# Forum About Russia Fun Stuff  How Russian Are You? - quiz (just for fun)

## Deborski

How Russian Are You? 
Oh you SAY you're Russian, but how Russian are you really?   ::

----------


## Deborski

Unfortunately, I am only a tepid 83% Russian!  *"While you're a proud Russian, at home in any Moscow kitchen, you're still able to interact normally with foreigners. Most of the time."*   ::

----------


## Lampada

_"You are 45% Russian!_* 45%  It may be that you've been in emigration for too long. Time to watch some old Victory Day parades on video and remember your roots."*

----------


## Deborski

> _"You are 45% Russian!_* 45%  It may be that you've been in emigration for too long. Time to watch some old Victory Day parades on video and remember your roots."*

  ::  
That's hilarious!!

----------


## Lampada

> That's hilarious!!

 Я честно старалась отвечать, как если бы я жила в России.  Меня могло подвести то, что я не люблю пить водку.

----------


## Deborski

> Я честно старалась отвечать, как если бы я жила в России.  Меня могло подвести то, что я не люблю пить водку.

 Вообще, я думаю что тест сатирический  ::   Я тоже ответила как если бы я жила в России... но конечно я там жила так давно, чтобы я не знаю точно, как жизнь там есть сейчас ))

----------


## UhOhXplode

That was fun!  ::  But since I've never even visited Russia then I think there's something wonky about that quiz, lol!  ::  Lmao at the comments too! Even Russians aren't Russians???? LOL!

----------


## Deborski

It is a satirical quiz, LOL - ie, not meant to be taken too seriously.  That's why I said "just for fun."   ::

----------


## CoffeeCup

> You are 36% Russian!
> It  may be that you've been in emigration for too long. Time to watch some  old Victory Day parades on video and remember your roots.

 Can the guys from GoToQuiz find Russia on the map?

----------


## it-ogo

39% for sincere answers. Interesting that among answers almost always at least one that I can say "It is OK for me." Normally in quizes I usually say "What the heck!

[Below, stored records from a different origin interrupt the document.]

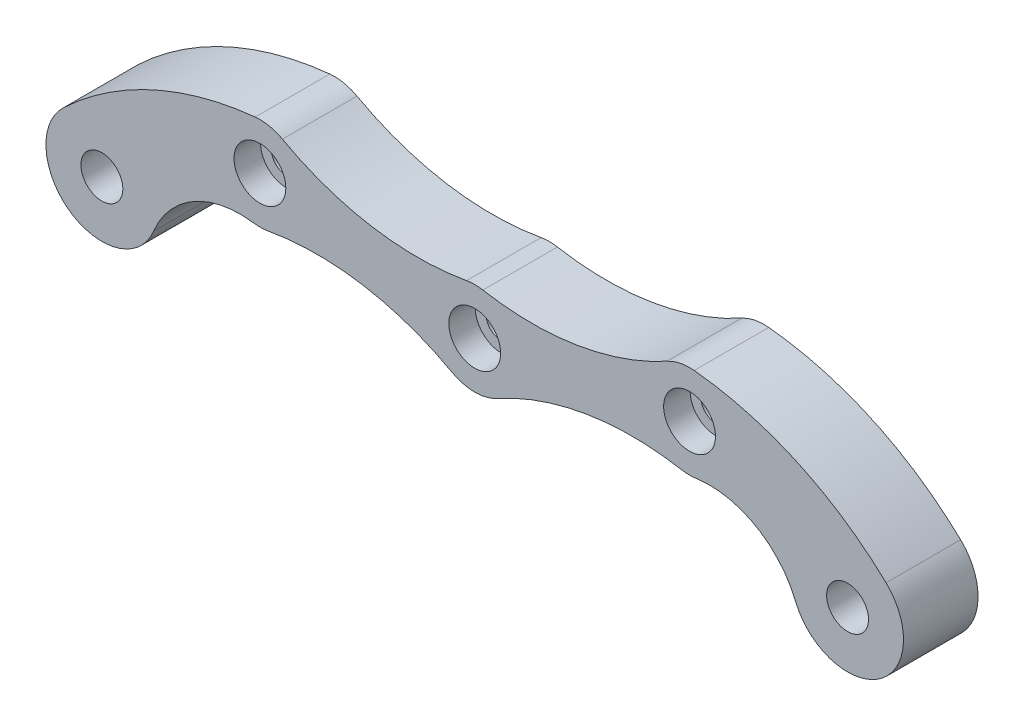
ISO-10303-21;
HEADER;
FILE_DESCRIPTION(('STEP AP214'),'2;1');
FILE_NAME('part.step','',(''),(''),'','','');
FILE_SCHEMA(('AUTOMOTIVE_DESIGN { 1 0 10303 214 1 1 1 1 }'));
ENDSEC;
DATA;
#1=APPLICATION_CONTEXT('core data for automotive mechanical design processes');
#2=APPLICATION_PROTOCOL_DEFINITION('international standard','automotive_design',2000,#1);
#3=PRODUCT_CONTEXT('',#1,'mechanical');
#4=PRODUCT('Part','Part','',(#3));
#5=PRODUCT_RELATED_PRODUCT_CATEGORY('part','',(#4));
#6=PRODUCT_DEFINITION_FORMATION('','',#4);
#7=PRODUCT_DEFINITION_CONTEXT('part definition',#1,'design');
#8=PRODUCT_DEFINITION('design','',#6,#7);
#9=PRODUCT_DEFINITION_SHAPE('','',#8);
#10=(LENGTH_UNIT() NAMED_UNIT(*) SI_UNIT(.MILLI.,.METRE.));
#11=(NAMED_UNIT(*) PLANE_ANGLE_UNIT() SI_UNIT($,.RADIAN.));
#12=(NAMED_UNIT(*) SI_UNIT($,.STERADIAN.) SOLID_ANGLE_UNIT());
#13=UNCERTAINTY_MEASURE_WITH_UNIT(LENGTH_MEASURE(1.E-05),#10,'distance_accuracy_value','');
#14=(GEOMETRIC_REPRESENTATION_CONTEXT(3) GLOBAL_UNCERTAINTY_ASSIGNED_CONTEXT((#13)) GLOBAL_UNIT_ASSIGNED_CONTEXT((#10,
#11,#12)) REPRESENTATION_CONTEXT('',''));
#15=CARTESIAN_POINT('',(0.,0.,0.));
#16=DIRECTION('',(0.,0.,1.));
#17=DIRECTION('',(1.,0.,0.));
#18=AXIS2_PLACEMENT_3D('',#15,#16,#17);
#19=CARTESIAN_POINT('',(-20.0412940888067,-26.0392504227336,4.));
#20=DIRECTION('',(0.,0.,-1.));
#21=DIRECTION('',(-1.,0.,0.));
#22=AXIS2_PLACEMENT_3D('',#19,#20,#21);
#23=CYLINDRICAL_SURFACE('',#22,35.);
#24=CARTESIAN_POINT('',(-20.0412940888067,-26.0392504227336,-4.));
#25=DIRECTION('',(0.,0.,1.));
#26=DIRECTION('',(-1.,0.,0.));
#27=AXIS2_PLACEMENT_3D('',#24,#25,#26);
#28=CIRCLE('',#27,35.);
#29=CARTESIAN_POINT('',(-23.5456176518656,8.78487507045559,-4.));
#30=VERTEX_POINT('',#29);
#31=CARTESIAN_POINT('',(-44.1293874299021,-0.647051636675808,-4.));
#32=VERTEX_POINT('',#31);
#33=EDGE_CURVE('E196',#30,#32,#28,.T.);
#34=ORIENTED_EDGE('',*,*,#33,.T.);
#35=DIRECTION('',(0.,0.,-1.));
#36=VECTOR('',#35,1.);
#37=CARTESIAN_POINT('',(-44.1293874299021,-0.647051636675808,4.));
#38=LINE('',#37,#36);
#39=CARTESIAN_POINT('',(-44.1293874299021,-0.647051636675808,4.));
#40=VERTEX_POINT('',#39);
#41=EDGE_CURVE('E11',#40,#32,#38,.T.);
#42=ORIENTED_EDGE('',*,*,#41,.F.);
#43=CARTESIAN_POINT('',(-20.0412940888067,-26.0392504227336,4.));
#44=DIRECTION('',(0.,0.,1.));
#45=DIRECTION('',(-1.,0.,0.));
#46=AXIS2_PLACEMENT_3D('',#43,#44,#45);
#47=CIRCLE('',#46,35.);
#48=CARTESIAN_POINT('',(-23.5456176518656,8.78487507045559,4.));
#49=VERTEX_POINT('',#48);
#50=EDGE_CURVE('E243',#49,#40,#47,.T.);
#51=ORIENTED_EDGE('',*,*,#50,.F.);
#52=DIRECTION('',(0.,0.,-1.));
#53=VECTOR('',#52,1.);
#54=CARTESIAN_POINT('',(-23.5456176518656,8.78487507045559,4.));
#55=LINE('',#54,#53);
#56=EDGE_CURVE('E192',#49,#30,#55,.T.);
#57=ORIENTED_EDGE('',*,*,#56,.T.);
#58=EDGE_LOOP('',(#34,#42,#51,#57));
#59=FACE_BOUND('',#58,.T.);
#60=ADVANCED_FACE('F45',(#59),#23,.T.);
#61=CARTESIAN_POINT('',(-40.,-5.,4.));
#62=DIRECTION('',(0.,0.,-1.));
#63=DIRECTION('',(-1.,0.,0.));
#64=AXIS2_PLACEMENT_3D('',#61,#62,#63);
#65=CYLINDRICAL_SURFACE('',#64,5.99999999999999);
#66=CARTESIAN_POINT('',(-40.,-5.,-4.));
#67=DIRECTION('',(0.,0.,1.));
#68=DIRECTION('',(1.,0.,0.));
#69=AXIS2_PLACEMENT_3D('',#66,#67,#68);
#70=CIRCLE('',#69,5.99999999999999);
#71=CARTESIAN_POINT('',(-34.4434701772464,-7.26384105644581,-4.));
#72=VERTEX_POINT('',#71);
#73=EDGE_CURVE('E200',#32,#72,#70,.T.);
#74=ORIENTED_EDGE('',*,*,#73,.T.);
#75=DIRECTION('',(0.,0.,-1.));
#76=VECTOR('',#75,1.);
#77=CARTESIAN_POINT('',(-34.4434701772464,-7.26384105644581,4.));
#78=LINE('',#77,#76);
#79=CARTESIAN_POINT('',(-34.4434701772464,-7.26384105644581,4.));
#80=VERTEX_POINT('',#79);
#81=EDGE_CURVE('E55',#80,#72,#78,.T.);
#82=ORIENTED_EDGE('',*,*,#81,.F.);
#83=CARTESIAN_POINT('',(-40.,-5.,4.));
#84=DIRECTION('',(0.,0.,1.));
#85=DIRECTION('',(1.,0.,0.));
#86=AXIS2_PLACEMENT_3D('',#83,#84,#85);
#87=CIRCLE('',#86,5.99999999999999);
#88=EDGE_CURVE('E131',#40,#80,#87,.T.);
#89=ORIENTED_EDGE('',*,*,#88,.F.);
#90=ORIENTED_EDGE('',*,*,#41,.T.);
#91=EDGE_LOOP('',(#74,#82,#89,#90));
#92=FACE_BOUND('',#91,.T.);
#93=ADVANCED_FACE('F421',(#92),#65,.T.);
#94=CARTESIAN_POINT('',(-25.1825871393237,-11.0369094838555,4.));
#95=DIRECTION('',(0.,0.,-1.));
#96=DIRECTION('',(-1.,0.,0.));
#97=AXIS2_PLACEMENT_3D('',#94,#95,#96);
#98=CYLINDRICAL_SURFACE('',#97,10.);
#99=CARTESIAN_POINT('',(-25.1825871393237,-11.0369094838555,-4.));
#100=DIRECTION('',(0.,0.,-1.));
#101=DIRECTION('',(-1.,0.,0.));
#102=AXIS2_PLACEMENT_3D('',#99,#100,#101);
#103=CIRCLE('',#102,10.);
#104=CARTESIAN_POINT('',(-23.7575290464412,-1.13896982795183,-4.));
#105=VERTEX_POINT('',#104);
#106=EDGE_CURVE('E204',#72,#105,#103,.T.);
#107=ORIENTED_EDGE('',*,*,#106,.T.);
#108=DIRECTION('',(0.,0.,-1.));
#109=VECTOR('',#108,1.);
#110=CARTESIAN_POINT('',(-23.7575290464412,-1.13896982795183,4.));
#111=LINE('',#110,#109);
#112=CARTESIAN_POINT('',(-23.7575290464412,-1.13896982795183,4.));
#113=VERTEX_POINT('',#112);
#114=EDGE_CURVE('E286',#113,#105,#111,.T.);
#115=ORIENTED_EDGE('',*,*,#114,.F.);
#116=CARTESIAN_POINT('',(-25.1825871393237,-11.0369094838555,4.));
#117=DIRECTION('',(0.,0.,-1.));
#118=DIRECTION('',(-1.,0.,0.));
#119=AXIS2_PLACEMENT_3D('',#116,#117,#118);
#120=CIRCLE('',#119,10.);
#121=EDGE_CURVE('E361',#80,#113,#120,.T.);
#122=ORIENTED_EDGE('',*,*,#121,.F.);
#123=ORIENTED_EDGE('',*,*,#81,.T.);
#124=EDGE_LOOP('',(#107,#115,#122,#123));
#125=FACE_BOUND('',#124,.T.);
#126=ADVANCED_FACE('F425',(#125),#98,.F.);
#127=CARTESIAN_POINT('',(-23.045,3.81,4.));
#128=DIRECTION('',(0.,0.,-1.));
#129=DIRECTION('',(-1.,0.,0.));
#130=AXIS2_PLACEMENT_3D('',#127,#128,#129);
#131=CYLINDRICAL_SURFACE('',#130,5.00000000000001);
#132=CARTESIAN_POINT('',(-23.045,3.81,-4.));
#133=DIRECTION('',(0.,0.,1.));
#134=DIRECTION('',(1.,0.,0.));
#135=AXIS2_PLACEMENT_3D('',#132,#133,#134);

No one option is true nor even reasonable." 
That Kate knows the subject but her knowledge is a bit outdated. She mentioned Vladimir among the possible capitals of Russia... Way outdated.  ::

----------


## alexsms

*You are 28% Russian!*
Who are you kidding? Just because you took a summer language course in Petersburg doesn't make you a Russian. 
Surprising enough for a Russian national... ::

----------


## Dmitry Khomichuk

You are 24% Russian! 
What's a pity!

----------


## Deborski

> Can the guys from GoToQuiz find Russia on the map?

 Hahaha - probably not  ::  
I wanted to like your post but "likes" are not working now, it appears)))

----------


## Deborski

I think the test was written by someone who wants to be Russian, but isn't?  So he designed a test specifically to make real Russians fail it!  That is my theory anyway.   ::

----------


## Dmitry Khomichuk

I think it is Russian "клюква" test.

----------


## Deborski

> I think it is Russian "клюква" test.

 I think so!  Very red клюква and full of silly stereotypes.  Of course no one gets 100%, because Russian stereotypes are simply not accurate!   ::

----------


## it-ogo

> I think the test was written by someone who wants to be Russian, but isn't?  So he designed a test specifically to make real Russians fail it!  That is my theory anyway.

 There are some клюква and there are some internal funs "for Russians only". Author ("Kate") knows Russian mentality and reality well but didn't defined well the target audience of the quiz so there is much of eclecticism.

----------


## Deborski

> There are some клюква and there are some internal funs "for Russians only". Author ("Kate") knows Russian mentality and reality well but didn't defined well the target audience of the quiz so there is much of eclecticism.

 Yeah, the question about Gorbachev was one not all westerners would get.  I think the truly "Russian" answer was the one which involved a lot of cussing - judging from what many Russians have personally told me about the "architect of perestroika"  ::

----------


## DrBaldhead

I took the test. The answer is 42. As if I didn't know  ::

----------


## Deborski

> I took the test. The answer is 42. As if I didn't know

 Ah-HA!  I see you have read your Douglas Adams!   ::

----------


## Юрка

68%. While you're a proud Russian, at home in any Moscow kitchen, you're still able to interact normally with foreigners. Most of the time. 
При выборе ответа я старался угадать правильный, чтобы набрать больше очков. Возможно, что иногда попадался в ловушки, расставленные авторами теста. Сложно угадать, нужно ли выбирать стереотипный ответ или наоборот избегать стереотипов. 
Короче, Дебора у нас самая русская. Так я и знал.  ::

----------


## Боб Уайтман

You are 53% Russian!
Either you're a tried-and-true Russian with some foreign travel experience, or you've been an expat in Moscow for WAY too long. 
"a tried-and-true Russian with some foreign travel experience" - they see me through  ::

----------


## UhOhXplode

I totally did not answer any of the questions honestly! I don't know very much about Gorbachev but #^%%$#%&% looked like a really cool answer.  ::  And i didn't know what smell they were all over but "What smell? Drink vodka!" looked fun! 
I've never had any vodka but it's in one of my favorite music vids so I picked any answer that had vodka! 
Now they needa make a test about "What country should you be living in?". If everyone in Florida took the quiz, they would probably be living in every country on the planet! LOL!

----------


## Deborski

> 68%. While you're a proud Russian, at home in any Moscow kitchen, you're still able to interact normally with foreigners. Most of the time. 
> Короче, Дебора у нас самая русская. Так я и знал.

 Ну, да.  Видно потому, что я играю на балалайке и ношу ушанку! 
Вот, смотрите!  Даже когда мне было 18 лет, я уже стала казачкой!

----------


## Deborski

Does anyone know a way to make pictures appear less GINORMOUS?   ::

----------


## MISSFOXYSWEETCHERRY

The results were so funny, i laughed a lot))

----------